At first she worked at home as a volunteer for the Junior League,
a women’s charitable organization, and eventually became a docent
at the Bronx Zoo. “I enjoyed the study of the natural world
and returned to The American Museum of Natural History where, as
a volunteer, I helped coordinate the 340 volunteer facilitators
for the blockbuster show Pompeii ’79. I received a citation
from Mayor Edward I. Koch for that effort.” By the time her
son was 8 she had become a full-time employee at the museum, training
and supervising the five-hundred volunteers and six paid staff.
“I am very proud of the high standards we maintained and the dedication
of the volunteers and staff to a remarkable institution.”
She also served on committees of the Mayor’s Voluntary Action
Center and obtained a Certificate in Volunteer Administration through
the Association for Volunteer Administration (AVA), a national organization
which provides resource management training.

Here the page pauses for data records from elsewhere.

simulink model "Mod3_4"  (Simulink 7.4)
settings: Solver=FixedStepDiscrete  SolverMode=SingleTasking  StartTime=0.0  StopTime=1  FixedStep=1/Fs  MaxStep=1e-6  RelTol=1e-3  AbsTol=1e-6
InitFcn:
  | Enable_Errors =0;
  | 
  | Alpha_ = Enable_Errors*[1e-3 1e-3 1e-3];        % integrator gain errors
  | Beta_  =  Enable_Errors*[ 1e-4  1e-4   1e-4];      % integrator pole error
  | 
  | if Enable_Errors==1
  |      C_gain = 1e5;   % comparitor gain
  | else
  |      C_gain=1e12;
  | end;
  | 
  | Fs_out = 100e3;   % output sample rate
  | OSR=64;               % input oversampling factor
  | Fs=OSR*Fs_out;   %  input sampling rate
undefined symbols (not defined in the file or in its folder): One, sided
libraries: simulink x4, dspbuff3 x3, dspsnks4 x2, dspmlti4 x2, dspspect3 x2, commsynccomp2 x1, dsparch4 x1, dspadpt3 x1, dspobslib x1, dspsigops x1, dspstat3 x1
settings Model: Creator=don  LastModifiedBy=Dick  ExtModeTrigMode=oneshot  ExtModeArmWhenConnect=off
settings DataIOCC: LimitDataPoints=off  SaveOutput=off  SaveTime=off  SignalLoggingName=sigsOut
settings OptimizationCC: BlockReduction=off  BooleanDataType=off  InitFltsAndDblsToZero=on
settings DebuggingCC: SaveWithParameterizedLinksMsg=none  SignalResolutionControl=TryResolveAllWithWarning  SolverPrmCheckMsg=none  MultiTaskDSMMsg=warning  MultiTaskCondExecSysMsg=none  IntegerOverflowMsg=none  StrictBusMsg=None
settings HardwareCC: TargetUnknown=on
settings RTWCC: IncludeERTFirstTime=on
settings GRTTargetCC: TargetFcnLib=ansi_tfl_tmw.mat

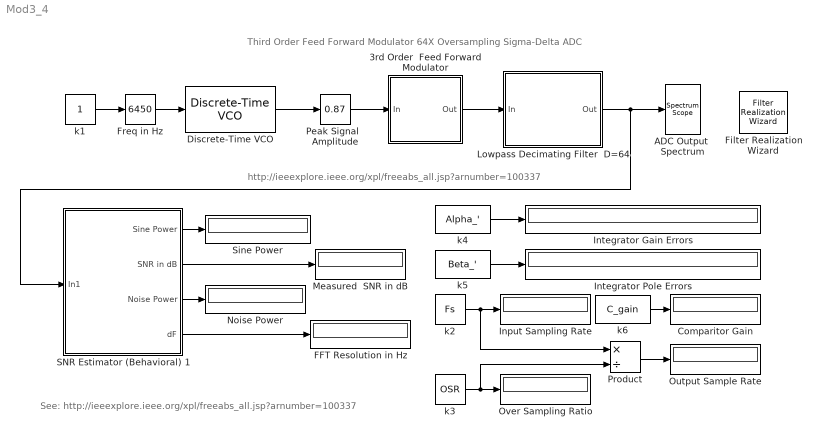
== system Mod3_4 ==
  note: Third Order Feed Forward Modulator
      | 64X Oversampling Sigma-Delta ADC
  note: http://ieeexplore.ieee.org/xpl/freeabs_all.jsp?arnumber=100337
  note: See: http://ieeexplore.ieee.org/xpl/freeabs_all.jsp?arnumber=100337
  3rd Order  Feed Forward Modulator : Subsystem
  ADC Output  Spectrum : dspsnks4/Spectrum Scope  DialogController=dspdialog.SpectrumScope  DialogControllerArgs=DataTag0  SystemSampleTime=-1  ScopeProperties=off  Domain=Frequency  HorizSpan=1  UseBuffer=on  BufferSize=1024  Overlap=0  inpFftLenInherit=off  FFTlength=128  numAvg=1  DisplayProperties=off  AxisGrid=on  Memory=off  FrameNumber=on  AxisLegend=off  AxisZoom=off  OpenScopeAtSimStart=on  OpenScopeImmediately=off  FigPos=[80 61 319 232]  AxisProperties=on  XUnits=Hertz  XRange=One-sided ([0...Fs/2])  XDisplay=0  InheritXIncr=on  XIncr=1.0  XLabel=Samples  XLimit=User-defined  YUnits=dBW  XMax=Fs/(2*OSR)  XMin=0  YLabel=Magnitude, dB  LineProperties=off  wintypeSpecScope=Hann  RsSpecScope=50  betaSpecScope=5  winsampSpecScope=Periodic  XAxisParamsVer=6.9
      settings: YMin=-200  YMax=0
  Comparitor Gain : Display
      settings: Decimation=1000
  Discrete-Time VCO : commsynccomp2/Discrete-Time VCO  SystemSampleTime=-1  Ac=1  Fc=0  Kc=1  Ph=0  ts=1/Fs
  FFT Resolution in Hz : Display
  Filter Realization Wizard : dsparch4/Filter Realization Wizard  SystemSampleTime=-1
  Freq in Hz : simulink/Math Operations/Slider Gain  SystemSampleTime=-1  low=0  gain=6450  high=20000
  Input Sampling Rate : Display
      settings: Decimation=1000
  Integrator Gain Errors : Display
      settings: Decimation=1000
  Integrator Pole Errors : Display
      settings: Decimation=1000
  Lowpass Decimating Filter  D=64 : Subsystem  Tag=BlockMethodSubSystem
  Measured  SNR in dB : Display
  Noise Power : Display
  Output Sample Rate : Display
      settings: Decimation=1000
  Over Sampling Ratio : Display
      settings: Decimation=1000
  Peak Signal   Amplitude : simulink/Math Operations/Slider Gain  SystemSampleTime=-1  low=0  gain=0.87  high=1
  Product : Product  Inputs=*/  OutDataType=fixdt(1, 16)  OutScaling=2^0  RndMeth=Zero
  SNR Estimator (Behavioral) 1 : Subsystem  mask{Frame=256, Pcnt_Nyquist=100, Navg=1, Ymax=-50, Ymin=-140, Hold_Off=260, ON_FFT_LINE=off}
      mask prompts: Frame "Input Frame Size"; Pcnt_Nyquist "Percentage of Fs/2 to use in noise power measurement"; Navg "Number of Averages"; Ymax "Noise Plot Ymax in dB"; Ymin "Noise Plot Ymin in dB"; Hold_Off "Calculation Hold Off in SAMPLES"; ON_FFT_LINE "Check this box if the signal is on an FFT Analysis Line."
      mask Display:
      | disp('SNR \n Measurement')
      | port_label('Input',1,'In')
      | port_label('Output',1,'Sine Power')
      | port_label('Output',2,'SNR in dB')
      | port_label('Output',3,'Noise Power')
      | port_label('Output',4,'FFT Line Freq')
  "Sine Power " : Display
  k1 : Constant  OutDataType=fixdt(1, 16)  OutScaling=2^0
  k2 : Constant  Value=Fs  OutDataType=fixdt(1, 16)  OutScaling=2^0
  k3 : Constant  Value=OSR  OutDataType=fixdt(1, 16)  OutScaling=2^0
  k4 : Constant  Value=Alpha_'  OutDataType=fixdt(1, 16)  OutScaling=2^0
  k5 : Constant  Value=Beta_'  OutDataType=fixdt(1, 16)  OutScaling=2^0
  k6 : Constant  Value=C_gain  OutDataType=fixdt(1, 16)  OutScaling=2^0
  wires:
  Discrete-Time VCO/1 -> Peak Signal   Amplitude/1
  Peak Signal   Amplitude/1 -> 3rd Order  Feed Forward Modulator/1(In)
  Freq in Hz/1 -> Discrete-Time VCO/1
  k1/1 -> Freq in Hz/1
  k3/1 -> Over Sampling Ratio/1, Product/2
  Product/1 -> Output Sample Rate/1
  Lowpass Decimating Filter  D=64/1(Out) -> ADC Output  Spectrum/1, SNR Estimator (Behavioral) 1/1(In1)
  SNR Estimator (Behavioral) 1/2(SNR in dB) -> Measured  SNR in dB/1
  SNR Estimator (Behavioral) 1/1(Sine Power) -> "Sine Power "/1
  SNR Estimator (Behavioral) 1/3(Noise Power) -> Noise Power/1
  SNR Estimator (Behavioral) 1/4(dF) -> FFT Resolution in Hz/1
  3rd Order  Feed Forward Modulator/1(Out) -> Lowpass Decimating Filter  D=64/1(In)
  k4/1 -> Integrator Gain Errors/1
  k5/1 -> Integrator Pole Errors/1
  k6/1 -> Comparitor Gain/1
  k2/1 -> Input Sampling Rate/1, Product/1

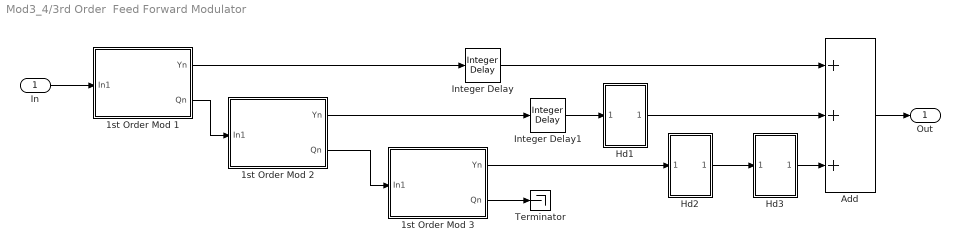
== system Mod3_4/3rd Order  Feed Forward Modulator ==
  In : Inport
  1st Order Mod 1 : Subsystem
  1st Order Mod 2 : Subsystem
  1st Order Mod 3 : Subsystem
  Add : Sum  Inputs=+++  OutDataType=fixdt(1, 16)  OutScaling=2^-10
  Hd1 : Subsystem
  Hd2 : Subsystem
  Hd3 : Subsystem
  Integer Delay : simulink/Discrete/Integer Delay  vinit=0.0  samptime=-1  NumDelays=2
  Integer Delay1 : simulink/Discrete/Integer Delay  vinit=0.0  samptime=-1  NumDelays=1
  Terminator : Terminator
  Out : Outport
  wires:
  1st Order Mod 1/2(Qn) -> 1st Order Mod 2/1(In1)
  1st Order Mod 2/2(Qn) -> 1st Order Mod 3/1(In1)
  1st Order Mod 1/1(Yn) -> Integer Delay/1
  Add/1 -> Out/1
  In/1 -> 1st Order Mod 1/1(In1)
  1st Order Mod 3/2(Qn) -> Terminator/1
  1st Order Mod 2/1(Yn) -> Integer Delay1/1
  Hd1/1(Out1) -> Add/2
  1st Order Mod 3/1(Yn) -> Hd2/1(In1)
  Hd2/1(Out1) -> Hd3/1(In1)
  Hd3/1(Out1) -> Add/3
  Integer Delay1/1 -> Hd1/1(In1)
  Integer Delay/1 -> Add/1

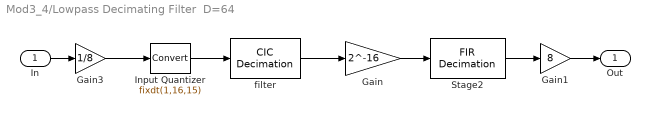
== system Mod3_4/Lowpass Decimating Filter  D=64 ==
  In : Inport
  Gain : Gain  Gain=2^-16  ParameterDataType=fixdt(1, 16)  ParameterScaling=2^0  OutDataTypeMode=double  OutDataType=fixdt(1, 16)  OutScaling=2^0  OutDataTypeStr=double
  Gain1 : Gain  Gain=8  ParameterDataType=fixdt(1, 16)  ParameterScaling=2^0  OutDataType=fixdt(1, 16)  OutScaling=2^0
  Gain3 : Gain  Gain=1/8  ParameterDataType=fixdt(1, 16)  ParameterScaling=2^0  OutDataType=fixdt(1, 16)  OutScaling=2^0
  Input Quantizer : DataTypeConversion  OutDataTypeMode=Specify via dialog  OutDataType=fixdt(1,16,15)  OutDataTypeStr=fixdt(1,16,15)  RndMeth=Round  SaturateOnIntegerOverflow=on
  Stage2 : dspmlti4/FIR Decimation  Tag=BlockMethodSubSystem  DialogController=dspdialog.FIRDecimation  DialogControllerArgs=DataTag1  h=[-1.03672832769806e-005 -2.30043872918871e-005 -3.81607660571471e-005 -4.73451966989753e-005 -4.15314840476983e-005 -1.53294381464531e-005 2.81247599902108e-005 7.548106001899e-005 0.000106956615554732 0.000105170685159055 6.53313671878897e-005 1.10615621617923e-006 -5.84899984530656e-005 -8.16995174647979e-005 -5.10738247202842e-005 2.39521887480776e-005 0.000107288371406307 0.000151796841211863 0.000124298000926512 2.72100582090589e-005 -9.64877715240933e-005 -0.000180990434728796 -0.00017184528528019 -5.94684973243738e-005 0.000107769129196385 0.000242056255586363 0.000260704715966674 0.00013493651668018 -8.5000049815582e-005 -0.000286841516056665 -0.000352051709584436 -0.000223619051276749 5.19058171754285e-005 0.000336492393063494 0.000467639101393255 0.000349059309073545 1.54942235654423e-005 -0.000369695852959625 -0.000591913524331285 -0.000502692833274323 -0.000114059879575764 0.000387970305599598 0.00072897644788482 0.000693620406886893 0.000257154373538894 -0.000377310868830626 -0.00086882045273623 -0.000918947560229279 -0.000448725221904726 0.000330696351510504 0.00100679796943566 0.00118065668729705 0.000698048038921545 -0.00023505915729049 -0.00113201638035961 -0.00147528588722154 -0.00101064908239849 7.91467137436565e-005 0.00123408252213311 0.00179975815120012 0.00139348389465366 0.000151247519594855 -0.00129860929748089 -0.00214716507990412 -0.00185109070890518 -0.000469898879291989 0.00131013209846719 0.00250931405838737 0.00238792045365338 0.000892372059188557 -0.00125000870520108 -0.00287487459601245 -0.00300688117971149 -0.00143501818412447 0.00109708430001496 0.00322994871994394 0.00371003867432686 0.00211584322619809 -0.000826876587517894 -0.00355768687459038 -0.00449894643382303 -0.00295548408089549 0.000410455632566669 0.00383775807505308 0.0053752440064593 0.00397885063139594 0.000187407314825939 -0.00404552680663259 -0.00634177196701517 -0.00521802991372615 -0.00101148845885873 0.00415062606771981 0.00740459885236922 0.00671755764137374 0.00212208484585908 -0.00411422714989155 -0.00857666811063853 -0.00854431755242137 -0.00360667248328686 0.00388301665917001 0.0098836881541225 0.0108056935767939 0.0056020971184406 -0.00337754872457966 -0.0113763732976555 -0.0136877273059045 -0.00834263488466605 0.00246546701482214 0.0131561884005966 0.0175416995656231 0.012273978356376 -0.000894329941755317 -0.0154384118477508 -0.0231117442236786 -0.0183702494962771 -0.00191023855567135 0.0187347462761574 0.0322678072014156 0.0292453606752335 0.00763813070524675 -0.0245476659764372 -0.0513189673918339 -0.0550085939173135 -0.0243158330095173 0.0395342433994632 0.121541322450517 0.197564379590681 0.24318839888947 0.24318839888947 0.197564379590681 0.121541322450517 0.0395342433994632 -0.0243158330095173 -0.0550085939173135 -0.0513189673918339 -0.0245476659764372 0.00763813070524675 0.0292453606752335 0.0322678072014156 0.0187347462761574 -0.00191023855567135 -0.0183702494962771 -0.0231117442236786 -0.0154384118477508 -0.000894329941755317 0.012273978356376 0.0175416995656231 0.0131561884005966 0.00246546701482214 -0.00834263488466605 -0.0136877273059045 -0.0113763732976555 -0.00337754872457966 0.0056020971184406 0.0108056935767939 0.0098836881541225 0.00388301665917001 -0.00360667248328686 -0.00854431755242137 -0.00857666811063853 -0.00411422714989155 0.00212208484585908 0.00671755764137374 0.00740459885236922 0.00415062606771981 -0.00101148845885873 -0.00521802991372615 -0.00634177196701517 -0.00404552680663259 0.000187407314825939 0.00397885063139594 0.0053752440064593 0.00383775807505308 0.000410455632566669 -0.00295548408089549 -0.00449894643382303 -0.00355768687459038 -0.000826876587517894 0.00211584322619809 0.00371003867432686 0.00322994871994394 0.00109708430001496 -0.00143501818412447 -0.00300688117971149 -0.00287487459601245 -0.00125000870520108 0.000892372059188557 0.00238792045365338 0.00250931405838737 0.00131013209846719 -0.000469898879291989 -0.00185109070890518 -0.00214716507990412 -0.00129860929748089 ...(+1336 chars)]  D=4  filtStruct=Direct form  framing=Maintain input frame size  outputBufInitCond=0  roundingMode=Floor  overflowMode=off  FilterSource=Specify via dialog  FilterObject=Hm_firdecim
  filter : dspmlti4/CIC Decimation  DialogController=dspdialog.CICDecimation  filtFrom=Dialog  filtobj=Hm_decim  ftype=Decimator  R=16  M=1  N=4  filterInternals=Full precision  BPS=[32 32 32 32 32 32 32 32]  FLPS=[15 15 15 15 15 15 15 15]  outputWordLength=32  outputFracLength=15  launchFVT=off  framing=Maintain input frame rate
  Out : Outport
  wires:
  In/1 -> Gain3/1
  filter/1 -> Gain/1
  Stage2/1 -> Gain1/1
  Gain/1 -> Stage2/1
  Gain1/1 -> Out/1
  Gain3/1 -> Input Quantizer/1
  Input Quantizer/1 -> filter/1

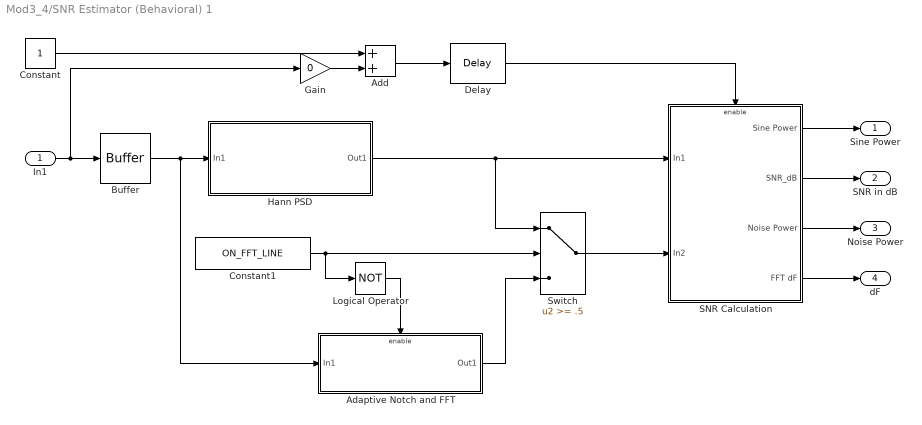
== system Mod3_4/SNR Estimator (Behavioral) 1 ==
  In1 : Inport
  Adaptive Notch and FFT : Subsystem  TreatAsAtomicUnit=on
  Add : Sum  OutDataType=fixdt(1, 16)  OutScaling=2^-10
  Buffer : dspbuff3/Buffer  N=Frame  V=0  ic=0
  Constant : Constant  OutDataType=fixdt(1, 16)  OutScaling=2^0
  Constant1 : Constant  Value=ON_FFT_LINE  OutDataTypeMode=boolean  OutDataType=fixdt(1, 16)  OutScaling=2^0  OutDataTypeStr=boolean
  Delay : dspsigops/Delay  dly_unit=Samples  delay=Hold_Off  ic_detail=off  dif_ic_for_ch=off  dif_ic_for_dly=off  ic=0  reset_popup=None
  Gain : Gain  Gain=0  ParameterDataType=fixdt(1, 16)  ParameterScaling=2^0  OutDataType=fixdt(1, 16)  OutScaling=2^0
  Hann PSD : Subsystem
  Logical Operator : Logic  Operator=NOT  AllPortsSameDT=off  OutDataTypeMode=boolean  LogicDataType=fixdt(0, 8)  OutDataTypeStr=boolean
  SNR Calculation : Subsystem
  Switch : Switch  Threshold=.5  OutDataType=fixdt(1, 16)  OutScaling=2^0
  Sine Power : Outport
  SNR in dB : Outport  Port=2
  Noise Power : Outport  Port=3
  dF : Outport  Port=4
  wires:
  In1/1 -> Buffer/1, Gain/1
  SNR Calculation/2(SNR_dB) -> SNR in dB/1
  Hann PSD/1(Out1) -> SNR Calculation/1(In1), Switch/1
  Buffer/1 -> Hann PSD/1(In1), Adaptive Notch and FFT/1(In1)
  SNR Calculation/1(Sine Power) -> Sine Power/1
  Switch/1 -> SNR Calculation/2(In2)
  SNR Calculation/3(Noise Power) -> Noise Power/1
  Delay/1 -> SNR Calculation/Enable
  Adaptive Notch and FFT/1(Out1) -> Switch/3
  Constant1/1 -> Switch/2, Logical Operator/1
  Logical Operator/1 -> Adaptive Notch and FFT/Enable
  SNR Calculation/4(FFT dF) -> dF/1
  Add/1 -> Delay/1
  Constant/1 -> Add/1
  Gain/1 -> Add/2

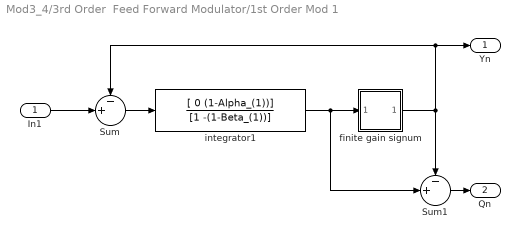
== system Mod3_4/3rd Order  Feed Forward Modulator/1st Order Mod 1 ==
  In1 : Inport
  Sum : Sum  Inputs=-+|  OutDataType=sfix(16)  OutScaling=2^0  SaturateOnIntegerOverflow=on  InputSameDT=on  OutDataTypeStr=Inherit: Same as first input
  Sum1 : Sum  Inputs=-+|  OutDataType=sfix(16)  OutScaling=2^0  SaturateOnIntegerOverflow=on  InputSameDT=on  OutDataTypeStr=Inherit: Same as first input
  "finite gain signum " : Subsystem  AncestorBlock=rab_favorites/non linear (real)  mask{alpha=C_gain}
      mask init:
      | x=-3:0.05:3;  y= tanh(alpha*x);
      mask Display: plot(x,y)
  integrator1 : DiscreteFilter  Numerator=[ 0 (1-Alpha_(1))]  Denominator=[1 -(1-Beta_(1))]
  Yn : Outport
  Qn : Outport  Port=2
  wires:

She eventually served
as the AVA’s regional chair in the northeast, overseeing an area
stretching from New York to Ontario. “I initiated and helped
present co-sponsored annual one-day conferences on volunteerism
in New York City in collaboration with United Hospital Fund, the
Volunteer Referral Center, the Mayor’s Voluntary Action Center,
the Retired and Senior Volunteer Program of the Community Service
Society of New York, and the American Red Cross.”
Additionally, she became regional director of the mid-Atlantic
region for the American Association for Museum Volunteers. “The
combination of daily hands-on work in a museum setting and the exposure
to a wide range of colleagues in other administrative settings and
with my peers in the cultural world in New York City and across
the nation was nothing short of fascinating.” She also became
editor-in-chief of The Journal of Volunteer
Administration, a publication
that included not only reports from volunteers in the field but
research articles by academics.
She values her overall Quaker education and its stress on consensus-building
and pacifism. Today Marjorie lives in Manhattan. She and her husband
(“We have been married forty-five years!”) spend the summers
in Buck Hill Falls, Pennsylvania, a long-time Quaker community in
the Poconos. “Many will remember Brooklyn Friends School retreats
at the inn there.” Even while summering Marjorie has found
volunteer opportunities. “Because the community is fortunate
in being surrounded by 4,500 undeveloped acres, there is a conservation
foundation, a land trust, on whose board I have served.”
Her son works in the corporate world but is also active in public
service, having worked on a mayoral race for Newark mayor Corey
Booker, on Governor Spitzer’s Committee for Arts and Culture, on
a New York City Department of Cultural Affairs panel which oversees
funding to Brooklyn performing arts organizations, and as a board
member of the Alliance for the Arts. “He has struck a balance
between the corporate and philanthropic worlds that I applaud.”
Marjorie is a shining exemplar of the class of ’57. They have
often been remembered as trailblazers, pursuing careers in what
were once considered new professions but which are now commonplace. “I
see myself as a member of a transitional generation,” she agreed. “Although
college educated I worked first as a secretary. I quit to stay at
home with our son until he was eight but actively volunteered in
what free time I could carve out. I joined the work force thereafter,
first part-time and then full-time. I blazed a path in a nascent
field, volunteer administration, which to this day is not as well
known or as well recognized as it should be.”